Give the number of lines below with "Corridor" in them, leaving out anything else.

INPUT RECORDS:
○ ○ ○

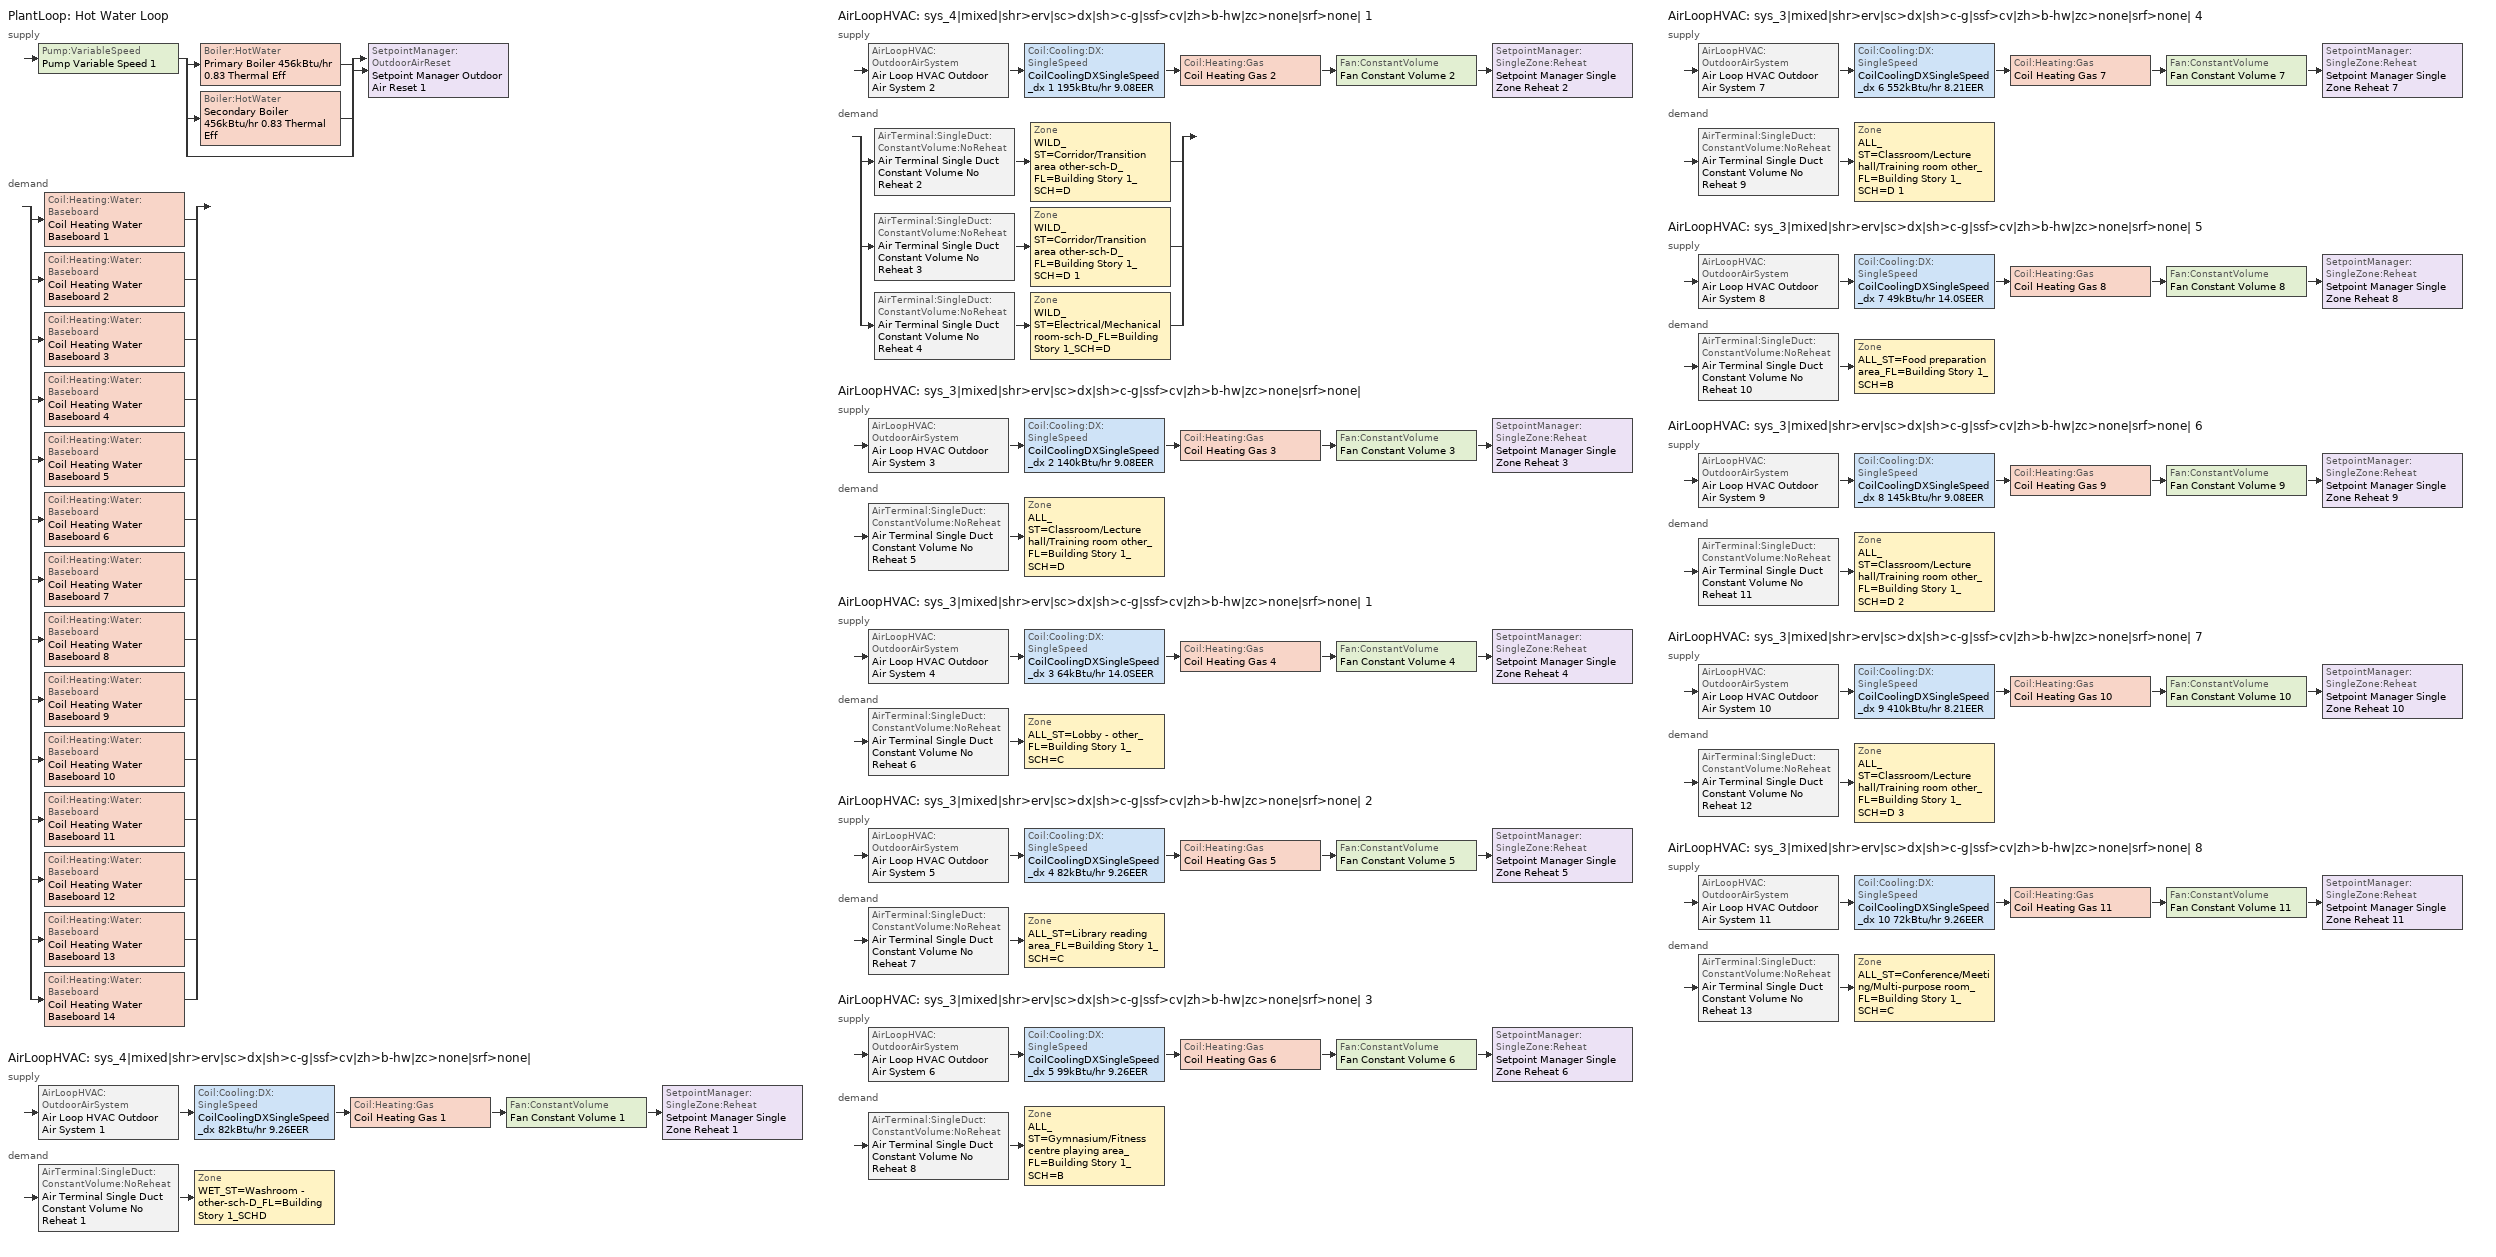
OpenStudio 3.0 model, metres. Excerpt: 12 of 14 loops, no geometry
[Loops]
PlantLoop 'Hot Water Loop'
 supply: Pump:VariableSpeed 'Pump Variable Speed 1' > split
  | Boiler:HotWater 'Primary Boiler 456kBtu/hr 0.83 Thermal Eff'
  | Boiler:HotWater 'Secondary Boiler 456kBtu/hr 0.83 Thermal Eff'
  | bypass
  join > SetpointManager:OutdoorAirReset 'Setpoint Manager Outdoor Air Reset 1'
 demand: split
  | Coil:Heating:Water:Baseboard 'Coil Heating Water Baseboard 1'
  | Coil:Heating:Water:Baseboard 'Coil Heating Water Baseboard 2'
  | Coil:Heating:Water:Baseboard 'Coil Heating Water Baseboard 3'
  | Coil:Heating:Water:Baseboard 'Coil Heating Water Baseboard 4'
  | Coil:Heating:Water:Baseboard 'Coil Heating Water Baseboard 5'
  | Coil:Heating:Water:Baseboard 'Coil Heating Water Baseboard 6'
  | Coil:Heating:Water:Baseboard 'Coil Heating Water Baseboard 7'
  | Coil:Heating:Water:Baseboard 'Coil Heating Water Baseboard 8'
  | Coil:Heating:Water:Baseboard 'Coil Heating Water Baseboard 9'
  | Coil:Heating:Water:Baseboard 'Coil Heating Water Baseboard 10'
  | Coil:Heating:Water:Baseboard 'Coil Heating Water Baseboard 11'
  | Coil:Heating:Water:Baseboard 'Coil Heating Water Baseboard 12'
  | Coil:Heating:Water:Baseboard 'Coil Heating Water Baseboard 13'
  | Coil:Heating:Water:Baseboard 'Coil Heating Water Baseboard 14'
AirLoopHVAC 'sys_4|mixed|shr>erv|sc>dx|sh>c-g|ssf>cv|zh>b-hw|zc>none|srf>none|'
 supply: AirLoopHVAC:OutdoorAirSystem 'Air Loop HVAC Outdoor Air System 1' > Coil:Cooling:DX:SingleSpeed 'CoilCoolingDXSingleSpeed_dx 82kBtu/hr 9.26EER' > Coil:Heating:Gas 'Coil Heating Gas 1' > Fan:ConstantVolume 'Fan Constant Volume 1' > SetpointManager:SingleZone:Reheat 'Setpoint Manager Single Zone Reheat 1'
 demand: AirTerminal:SingleDuct:ConstantVolume:NoReheat 'Air Terminal Single Duct Constant Volume No Reheat 1' > Zone 'WET_ST=Washroom - other-sch-D_FL=Building Story 1_SCHD'
AirLoopHVAC 'sys_4|mixed|shr>erv|sc>dx|sh>c-g|ssf>cv|zh>b-hw|zc>none|srf>none| 1'
 supply: AirLoopHVAC:OutdoorAirSystem 'Air Loop HVAC Outdoor Air System 2' > Coil:Cooling:DX:SingleSpeed 'CoilCoolingDXSingleSpeed_dx 1 195kBtu/hr 9.08EER' > Coil:Heating:Gas 'Coil Heating Gas 2' > Fan:ConstantVolume 'Fan Constant Volume 2' > SetpointManager:SingleZone:Reheat 'Setpoint Manager Single Zone Reheat 2'
 demand: split
  | AirTerminal:SingleDuct:ConstantVolume:NoReheat 'Air Terminal Single Duct Constant Volume No Reheat 2' > Zone 'WILD_ST=Corridor/Transition area other-sch-D_FL=Building Story 1_SCH=D'
  | AirTerminal:SingleDuct:ConstantVolume:NoReheat 'Air Terminal Single Duct Constant Volume No Reheat 3' > Zone 'WILD_ST=Corridor/Transition area other-sch-D_FL=Building Story 1_SCH=D 1'
  | AirTerminal:SingleDuct:ConstantVolume:NoReheat 'Air Terminal Single Duct Constant Volume No Reheat 4' > Zone 'WILD_ST=Electrical/Mechanical room-sch-D_FL=Building Story 1_SCH=D'
AirLoopHVAC 'sys_3|mixed|shr>erv|sc>dx|sh>c-g|ssf>cv|zh>b-hw|zc>none|srf>none|'
 supply: AirLoopHVAC:OutdoorAirSystem 'Air Loop HVAC Outdoor Air System 3' > Coil:Cooling:DX:SingleSpeed 'CoilCoolingDXSingleSpeed_dx 2 140kBtu/hr 9.08EER' > Coil:Heating:Gas 'Coil Heating Gas 3' > Fan:ConstantVolume 'Fan Constant Volume 3' > SetpointManager:SingleZone:Reheat 'Setpoint Manager Single Zone Reheat 3'
 demand: AirTerminal:SingleDuct:ConstantVolume:NoReheat 'Air Terminal Single Duct Constant Volume No Reheat 5' > Zone 'ALL_ST=Classroom/Lecture hall/Training room other_FL=Building Story 1_SCH=D'
AirLoopHVAC 'sys_3|mixed|shr>erv|sc>dx|sh>c-g|ssf>cv|zh>b-hw|zc>none|srf>none| 1'
 supply: AirLoopHVAC:OutdoorAirSystem 'Air Loop HVAC Outdoor Air System 4' > Coil:Cooling:DX:SingleSpeed 'CoilCoolingDXSingleSpeed_dx 3 64kBtu/hr 14.0SEER' > Coil:Heating:Gas 'Coil Heating Gas 4' > Fan:ConstantVolume 'Fan Constant Volume 4' > SetpointManager:SingleZone:Reheat 'Setpoint Manager Single Zone Reheat 4'
 demand: AirTerminal:SingleDuct:ConstantVolume:NoReheat 'Air Terminal Single Duct Constant Volume No Reheat 6' > Zone 'ALL_ST=Lobby - other_FL=Building Story 1_SCH=C'
AirLoopHVAC 'sys_3|mixed|shr>erv|sc>dx|sh>c-g|ssf>cv|zh>b-hw|zc>none|srf>none| 2'
 supply: AirLoopHVAC:OutdoorAirSystem 'Air Loop HVAC Outdoor Air System 5' > Coil:Cooling:DX:SingleSpeed 'CoilCoolingDXSingleSpeed_dx 4 82kBtu/hr 9.26EER' > Coil:Heating:Gas 'Coil Heating Gas 5' > Fan:ConstantVolume 'Fan Constant Volume 5' > SetpointManager:SingleZone:Reheat 'Setpoint Manager Single Zone Reheat 5'
 demand: AirTerminal:SingleDuct:ConstantVolume:NoReheat 'Air Terminal Single Duct Constant Volume No Reheat 7' > Zone 'ALL_ST=Library reading area_FL=Building Story 1_SCH=C'
AirLoopHVAC 'sys_3|mixed|shr>erv|sc>dx|sh>c-g|ssf>cv|zh>b-hw|zc>none|srf>none| 3'
 supply: AirLoopHVAC:OutdoorAirSystem 'Air Loop HVAC Outdoor Air System 6' > Coil:Cooling:DX:SingleSpeed 'CoilCoolingDXSingleSpeed_dx 5 99kBtu/hr 9.26EER' > Coil:Heating:Gas 'Coil Heating Gas 6' > Fan:ConstantVolume 'Fan Constant Volume 6' > SetpointManager:SingleZone:Reheat 'Setpoint Manager Single Zone Reheat 6'
 demand: AirTerminal:SingleDuct:ConstantVolume:NoReheat 'Air Terminal Single Duct Constant Volume No Reheat 8' > Zone 'ALL_ST=Gymnasium/Fitness centre playing area_FL=Building Story 1_SCH=B'
AirLoopHVAC 'sys_3|mixed|shr>erv|sc>dx|sh>c-g|ssf>cv|zh>b-hw|zc>none|srf>none| 4'
 supply: AirLoopHVAC:OutdoorAirSystem 'Air Loop HVAC Outdoor Air System 7' > Coil:Cooling:DX:SingleSpeed 'CoilCoolingDXSingleSpeed_dx 6 552kBtu/hr 8.21EER' > Coil:Heating:Gas 'Coil Heating Gas 7' > Fan:ConstantVolume 'Fan Constant Volume 7' > SetpointManager:SingleZone:Reheat 'Setpoint Manager Single Zone Reheat 7'
 demand: AirTerminal:SingleDuct:ConstantVolume:NoReheat 'Air Terminal Single Duct Constant Volume No Reheat 9' > Zone 'ALL_ST=Classroom/Lecture hall/Training room other_FL=Building Story 1_SCH=D 1'
AirLoopHVAC 'sys_3|mixed|shr>erv|sc>dx|sh>c-g|ssf>cv|zh>b-hw|zc>none|srf>none| 5'
 supply: AirLoopHVAC:OutdoorAirSystem 'Air Loop HVAC Outdoor Air System 8' > Coil:Cooling:DX:SingleSpeed 'CoilCoolingDXSingleSpeed_dx 7 49kBtu/hr 14.0SEER' > Coil:Heating:Gas 'Coil Heating Gas 8' > Fan:ConstantVolume 'Fan Constant Volume 8' > SetpointManager:SingleZone:Reheat 'Setpoint Manager Single Zone Reheat 8'
 demand: AirTerminal:SingleDuct:ConstantVolume:NoReheat 'Air Terminal Single Duct Constant Volume No Reheat 10' > Zone 'ALL_ST=Food preparation area_FL=Building Story 1_SCH=B'
AirLoopHVAC 'sys_3|mixed|shr>erv|sc>dx|sh>c-g|ssf>cv|zh>b-hw|zc>none|srf>none| 6'
 supply: AirLoopHVAC:OutdoorAirSystem 'Air Loop HVAC Outdoor Air System 9' > Coil:Cooling:DX:SingleSpeed 'CoilCoolingDXSingleSpeed_dx 8 145kBtu/hr 9.08EER' > Coil:Heating:Gas 'Coil Heating Gas 9' > Fan:ConstantVolume 'Fan Constant Volume 9' > SetpointManager:SingleZone:Reheat 'Setpoint Manager Single Zone Reheat 9'
 demand: AirTerminal:SingleDuct:ConstantVolume:NoReheat 'Air Terminal Single Duct Constant Volume No Reheat 11' > Zone 'ALL_ST=Classroom/Lecture hall/Training room other_FL=Building Story 1_SCH=D 2'
AirLoopHVAC 'sys_3|mixed|shr>erv|sc>dx|sh>c-g|ssf>cv|zh>b-hw|zc>none|srf>none| 7'
 supply: AirLoopHVAC:OutdoorAirSystem 'Air Loop HVAC Outdoor Air System 10' > Coil:Cooling:DX:SingleSpeed 'CoilCoolingDXSingleSpeed_dx 9 410kBtu/hr 8.21EER' > Coil:Heating:Gas 'Coil Heating Gas 10' > Fan:ConstantVolume 'Fan Constant Volume 10' > SetpointManager:SingleZone:Reheat 'Setpoint Manager Single Zone Reheat 10'
 demand: AirTerminal:SingleDuct:ConstantVolume:NoReheat 'Air Terminal Single Duct Constant Volume No Reheat 12' > Zone 'ALL_ST=Classroom/Lecture hall/Training room other_FL=Building Story 1_SCH=D 3'
AirLoopHVAC 'sys_3|mixed|shr>erv|sc>dx|sh>c-g|ssf>cv|zh>b-hw|zc>none|srf>none| 8'
 supply: AirLoopHVAC:OutdoorAirSystem 'Air Loop HVAC Outdoor Air System 11' > Coil:Cooling:DX:SingleSpeed 'CoilCoolingDXSingleSpeed_dx 10 72kBtu/hr 9.26EER' > Coil:Heating:Gas 'Coil Heating Gas 11' > Fan:ConstantVolume 'Fan Constant Volume 11' > SetpointManager:SingleZone:Reheat 'Setpoint Manager Single Zone Reheat 11'
 demand: AirTerminal:SingleDuct:ConstantVolume:NoReheat 'Air Terminal Single Duct Constant Volume No Reheat 13' > Zone 'ALL_ST=Conference/Meeting/Multi-purpose room_FL=Building Story 1_SCH=C'
[Sizing:Zone] Zone Cooling Design Supply Air Temperature Input Method=SupplyAirTemperature; Zone Cooling Design Supply Air Temperature {C}=13; Zone Cooling Design Supply Air Temperature Difference {deltaC}=11.11; Zone Heating Design Supply Air Temperature Input Method=SupplyAirTemperature; Zone Heating Design Supply Air Temperature {C}=43; Zone Heating Design Supply Air Temperature Difference {deltaC}=11.11; Zone Cooling Design Supply Air Humidity Ratio {kg-H2O/kg-air}=0.0085; Zone Heating Design Supply Air Humidity Ratio {kg-H2O/kg-air}=0.008; Zone Heating Sizing Factor=1.3; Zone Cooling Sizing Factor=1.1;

○ ○ ○

REPLY:
2